Problem statement:
Say how many lines of the listing below include "ezdxf". Write only that number.

Provided information:
══════════

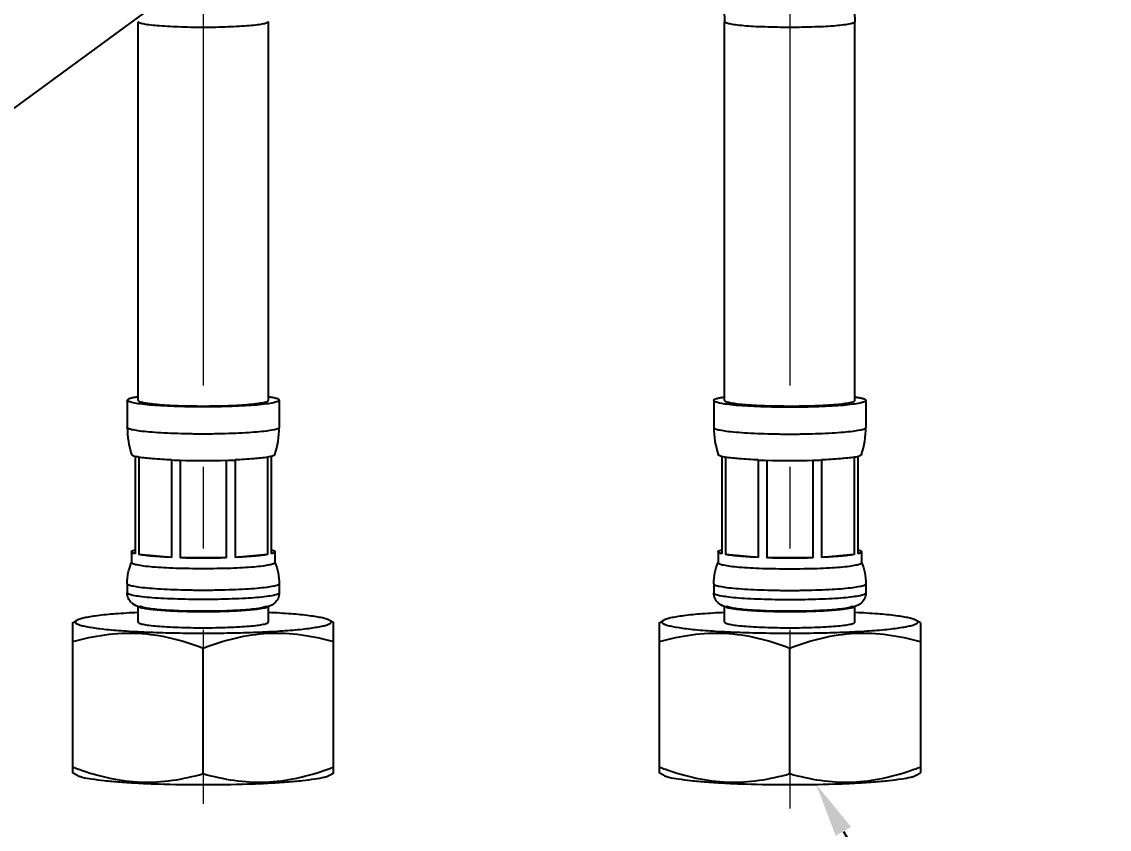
# Model space of a CAD drawing. Extents: x 1481 to 3160, y 4681 to 5260.
# Drawn here: x 1680.9 to 1781, y 4761 to 4835.4 of the extents above; entities that cross this region are included whole.
import ezdxf
from ezdxf import colors
from ezdxf.entities.mleader import LeaderData, LeaderLine
from ezdxf.math import Vec2, Vec3

# ---------------------------------------------------------------- set-up
doc = ezdxf.new("R2010")
doc.units = 0
doc.header["$LTSCALE"] = 30
doc.header["$MEASUREMENT"] = 0
doc.linetypes.add('CENTER', pattern=[2, 1.25, -0.25, 0.25, -0.25])
doc.layers.get('0').update_dxf_attribs({"linetype": 'CONTINUOUS'})
doc.layers.add('BODY', color=7, linetype='CONTINUOUS')
doc.layers.add('DEF_LAYER_ASSEM_MEMBER', color=7, linetype='CONTINUOUS')
doc.styles.get("Standard").update_dxf_attribs({"font": 'SYMBOL'})

msp = doc.modelspace()

# ---------------------------------------------------------------- linework, layer by layer
at = {"ltscale": 0.5}
for p, q in [((1480.63, 4681.18), (2270.51, 5259.94)), ((1763.68, 4780.03), (1763.68, 4766.21))]:
    msp.add_line(p, q, dxfattribs=at)
at = {"layer": 'BODY', "color": 1, "linetype": 'CENTER', "lineweight": 5}
for p, q in [((1697.64, 4839.38), (1697.64, 4763.36)), ((1751.64, 4839.38), (1751.64, 4762.93))]:
    msp.add_line(p, q, dxfattribs=at)
at = {"layer": 'DEF_LAYER_ASSEM_MEMBER', "color": 7, "linetype": 'Continuous'}
for p, q in [((1691.64, 4800.52), (1691.64, 4835.38)), ((1703.64, 4800.52), (1703.64, 4835.38)), ((1745.64, 4800.51), (1745.64, 4835.38)), ((1757.64, 4800.51), (1757.64, 4835.38)), ((1690.64, 4800.51), (1690.64, 4798.02)), ((1704.64, 4800.51), (1704.64, 4798.02)), ((1744.64, 4800.51), (1744.64, 4798.02)), ((1758.64, 4800.51), (1758.64, 4798.02)), ((1691.39, 4795.35), (1691.39, 4786.38)), ((1691.72, 4795.28), (1691.72, 4786.31)), ((1694.73, 4795.02), (1694.73, 4786.05)), ((1695.52, 4794.99), (1695.52, 4786.02)), ((1699.76, 4794.99), (1699.76, 4786.02)), ((1700.57, 4795.02), (1700.57, 4786.05)), ((1703.56, 4795.28), (1703.56, 4786.31)), ((1703.89, 4795.35), (1703.89, 4786.38)), ((1745.39, 4795.35), (1745.39, 4786.38)), ((1745.73, 4795.28), (1745.73, 4786.31)), ((1748.72, 4795.02), (1748.72, 4786.05)), ((1749.52, 4794.99), (1749.52, 4786.02)), ((1753.76, 4794.99), (1753.76, 4786.02)), ((1754.56, 4795.02), (1754.56, 4786.05)), ((1757.57, 4795.28), (1757.57, 4786.31)), ((1757.89, 4795.35), (1757.89, 4786.38)), ((1691.04, 4786.57), (1691.04, 4785.57)), ((1704.24, 4786.57), (1704.24, 4785.57)), ((1745.04, 4786.57), (1745.04, 4785.57)), ((1758.24, 4786.57), (1758.24, 4785.57)), ((1694.73, 4786.05), (1691.72, 4786.31)), ((1699.76, 4786.02), (1695.52, 4786.02)), ((1703.56, 4786.31), (1700.57, 4786.05)), ((1748.72, 4786.05), (1745.73, 4786.31)), ((1753.76, 4786.02), (1749.52, 4786.02)), ((1757.57, 4786.31), (1754.56, 4786.05)), ((1690.64, 4783.62), (1690.64, 4782.78)), ((1704.64, 4783.62), (1704.64, 4782.78)), ((1744.64, 4783.62), (1744.64, 4782.78)), ((1758.64, 4783.62), (1758.64, 4782.78)), ((1691.64, 4780.09), (1691.64, 4781.52)), ((1703.64, 4780.09), (1703.64, 4781.52)), ((1745.64, 4780.09), (1745.64, 4781.52)), ((1757.64, 4780.09), (1757.64, 4781.52)), ((1685.61, 4780.03), (1686, 4780.25)), ((1685.64, 4766.19), (1685.64, 4780.04)), ((1709.68, 4780.03), (1709.28, 4780.25)), ((1709.64, 4766.19), (1709.64, 4780.04)), ((1739.61, 4780.03), (1740, 4780.25)), ((1739.64, 4766.19), (1739.64, 4780.04)), ((1763.68, 4780.03), (1763.28, 4780.25)), ((1697.64, 4766.13), (1697.64, 4777.69)), ((1751.64, 4766.13), (1751.64, 4777.69)), ((1686, 4765.99), (1685.61, 4766.21)), ((1709.28, 4765.99), (1709.68, 4766.21)), ((1740, 4765.99), (1739.61, 4766.21)), ((1763.28, 4765.99), (1763.68, 4766.21))]:
    msp.add_line(p, q, dxfattribs=at)
for centre, radius, start, end in [((1711.77, 4835.37), 45.88, 0.0077, 34.7863), ((1711.78, 4835.37), 33.87, 0.0066, 30.2245), ((1693.15, 4790.44), 10.5, 98.4579, 98.5919), ((1693.21, 4790.03), 10.91, 98.3047, 98.4577), ((1702.08, 4790.03), 10.91, 81.5423, 81.6953), ((1702.14, 4790.44), 10.5, 81.4081, 81.5421), ((1747.15, 4790.45), 10.48, 98.4607, 98.6001), ((1747.21, 4790.04), 10.9, 98.3046, 98.4606), ((1756.08, 4790.04), 10.9, 81.5394, 81.6954), ((1756.14, 4790.45), 10.48, 81.3999, 81.5393), ((1698.69, 4798.03), 8.04, 180.0568, 198.2096), ((1696.6, 4798.03), 8.04, 341.7904, 359.943), ((1752.69, 4798.03), 8.04, 180.0568, 198.2096), ((1750.6, 4798.03), 8.04, 341.7904, 359.943), ((1697.31, 4855.55), 60.58, 267.5601, 268.3107), ((1697.64, 4868.21), 73.25, 268.341, 271.659), ((1698.04, 4853.86), 58.9, 271.6786, 272.4623), ((1751.25, 4853.86), 58.9, 267.5377, 268.3214), ((1751.64, 4868.21), 73.25, 268.341, 271.659), ((1751.98, 4855.55), 60.58, 271.6893, 272.4399), ((1697.64, 4859.25), 73.25, 268.341, 271.659), ((1751.64, 4859.25), 73.25, 268.341, 271.659), ((1695.73, 4793.09), 28.22, 249.0652, 250.2444), ((1699.56, 4793.09), 28.22, 289.7556, 290.9348), ((1749.73, 4793.09), 28.22, 249.0652, 250.2444), ((1753.56, 4793.09), 28.22, 289.7556, 290.9348)]:
    msp.add_arc(centre, radius, start, end, dxfattribs=at)
at = {"layer": 'DEF_LAYER_ASSEM_MEMBER', "color": 9, "linetype": 'Continuous'}
for points, start_tangent, end_tangent in [([(1697.64, 4834.86), (1695.35, 4834.9), (1694.31, 4834.95), (1693.4, 4835.01), (1692.65, 4835.09), (1692.1, 4835.18), (1691.76, 4835.28), (1691.67, 4835.33), (1691.64, 4835.38)], (-1, 0), (0, 1)), ([(1703.64, 4835.38), (1703.61, 4835.33), (1703.53, 4835.28), (1703.19, 4835.18), (1702.63, 4835.09), (1701.89, 4835.01), (1700.98, 4834.95), (1699.94, 4834.9), (1697.64, 4834.86)], (0, -1), (-1, 0)), ([(1751.64, 4834.86), (1749.35, 4834.9), (1748.31, 4834.94), (1747.4, 4835.01), (1746.65, 4835.09), (1746.1, 4835.18), (1745.76, 4835.28), (1745.67, 4835.33), (1745.64, 4835.38)], (-1, 0), (0, 1)), ([(1757.64, 4835.38), (1757.61, 4835.33), (1757.53, 4835.28), (1757.19, 4835.18), (1756.63, 4835.09), (1755.89, 4835.01), (1754.98, 4834.94), (1753.94, 4834.9), (1751.64, 4834.86)], (0, -1), (-1, 0)), ([(1704.64, 4798.02), (1704.61, 4797.96), (1704.51, 4797.9), (1704.11, 4797.79), (1703.46, 4797.68), (1702.59, 4797.59), (1701.53, 4797.51), (1700.32, 4797.46), (1699.01, 4797.42), (1697.64, 4797.41), (1696.28, 4797.42), (1694.96, 4797.46), (1693.75, 4797.51), (1692.69, 4797.59), (1691.82, 4797.68), (1691.18, 4797.79), (1690.78, 4797.9), (1690.68, 4797.96), (1690.64, 4798.02)], (0, -1), (0, 1)), ([(1744.64, 4798.02), (1744.68, 4797.96), (1744.78, 4797.9), (1745.18, 4797.79), (1745.82, 4797.68), (1746.69, 4797.59), (1747.75, 4797.51), (1748.96, 4797.46), (1750.28, 4797.42), (1751.64, 4797.41), (1753.01, 4797.42), (1754.32, 4797.46), (1755.53, 4797.51), (1756.59, 4797.59), (1757.46, 4797.68), (1758.11, 4797.79), (1758.51, 4797.9), (1758.61, 4797.96), (1758.64, 4798.02)], (0, -1), (0, 1)), ([(1704.64, 4783.62), (1704.61, 4783.56), (1704.51, 4783.5), (1704.11, 4783.39), (1703.46, 4783.28), (1702.59, 4783.19), (1701.53, 4783.11), (1700.32, 4783.06), (1699.01, 4783.02), (1697.64, 4783.01), (1696.28, 4783.02), (1694.96, 4783.06), (1693.75, 4783.11), (1692.69, 4783.19), (1691.82, 4783.28), (1691.18, 4783.39), (1690.78, 4783.5), (1690.68, 4783.56), (1690.64, 4783.62)], (0, -1), (0, 1)), ([(1744.64, 4783.62), (1744.68, 4783.56), (1744.78, 4783.5), (1745.18, 4783.39), (1745.82, 4783.28), (1746.69, 4783.19), (1747.75, 4783.11), (1748.96, 4783.06), (1750.28, 4783.02), (1751.64, 4783.01), (1753.01, 4783.02), (1754.32, 4783.06), (1755.53, 4783.11), (1756.59, 4783.19), (1757.46, 4783.28), (1758.11, 4783.39), (1758.51, 4783.5), (1758.61, 4783.56), (1758.64, 4783.62)], (0, -1), (0, 1)), ([(1697.64, 4782.17), (1696.28, 4782.18), (1694.96, 4782.22), (1693.75, 4782.27), (1692.69, 4782.35), (1691.82, 4782.44), (1691.18, 4782.55), (1690.78, 4782.66), (1690.68, 4782.72), (1690.64, 4782.78)], (-1, 0), (0, 1)), ([(1704.64, 4782.78), (1704.61, 4782.72), (1704.51, 4782.66), (1704.11, 4782.55), (1703.46, 4782.44), (1702.59, 4782.35), (1701.53, 4782.27), (1700.32, 4782.22), (1699.01, 4782.18), (1697.64, 4782.17)], (0, -1), (-1, 0)), ([(1744.64, 4782.78), (1744.68, 4782.72), (1744.78, 4782.66), (1745.18, 4782.55), (1745.82, 4782.44), (1746.69, 4782.35), (1747.75, 4782.27), (1748.96, 4782.22), (1750.28, 4782.18), (1751.64, 4782.17)], (0, -1), (1, 0)), ([(1751.64, 4782.17), (1753.01, 4782.18), (1754.32, 4782.22), (1755.53, 4782.27), (1756.59, 4782.35), (1757.46, 4782.44), (1758.11, 4782.55), (1758.51, 4782.66), (1758.61, 4782.72), (1758.64, 4782.78)], (1, 0), (0, 1))]:
    msp.add_spline(points, degree=3, dxfattribs=dict(at, start_tangent=start_tangent, end_tangent=end_tangent))
at = {"layer": 'DEF_LAYER_ASSEM_MEMBER', "color": 7, "linetype": 'Continuous'}
for points, start_tangent, end_tangent in [([(1691.58, 4800.82), (1691.18, 4800.75), (1690.88, 4800.67), (1690.7, 4800.59), (1690.64, 4800.51)], (-0.988776, -0.149403), (0, -1)), ([(1704.64, 4800.51), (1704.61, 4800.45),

══════════

Output:
5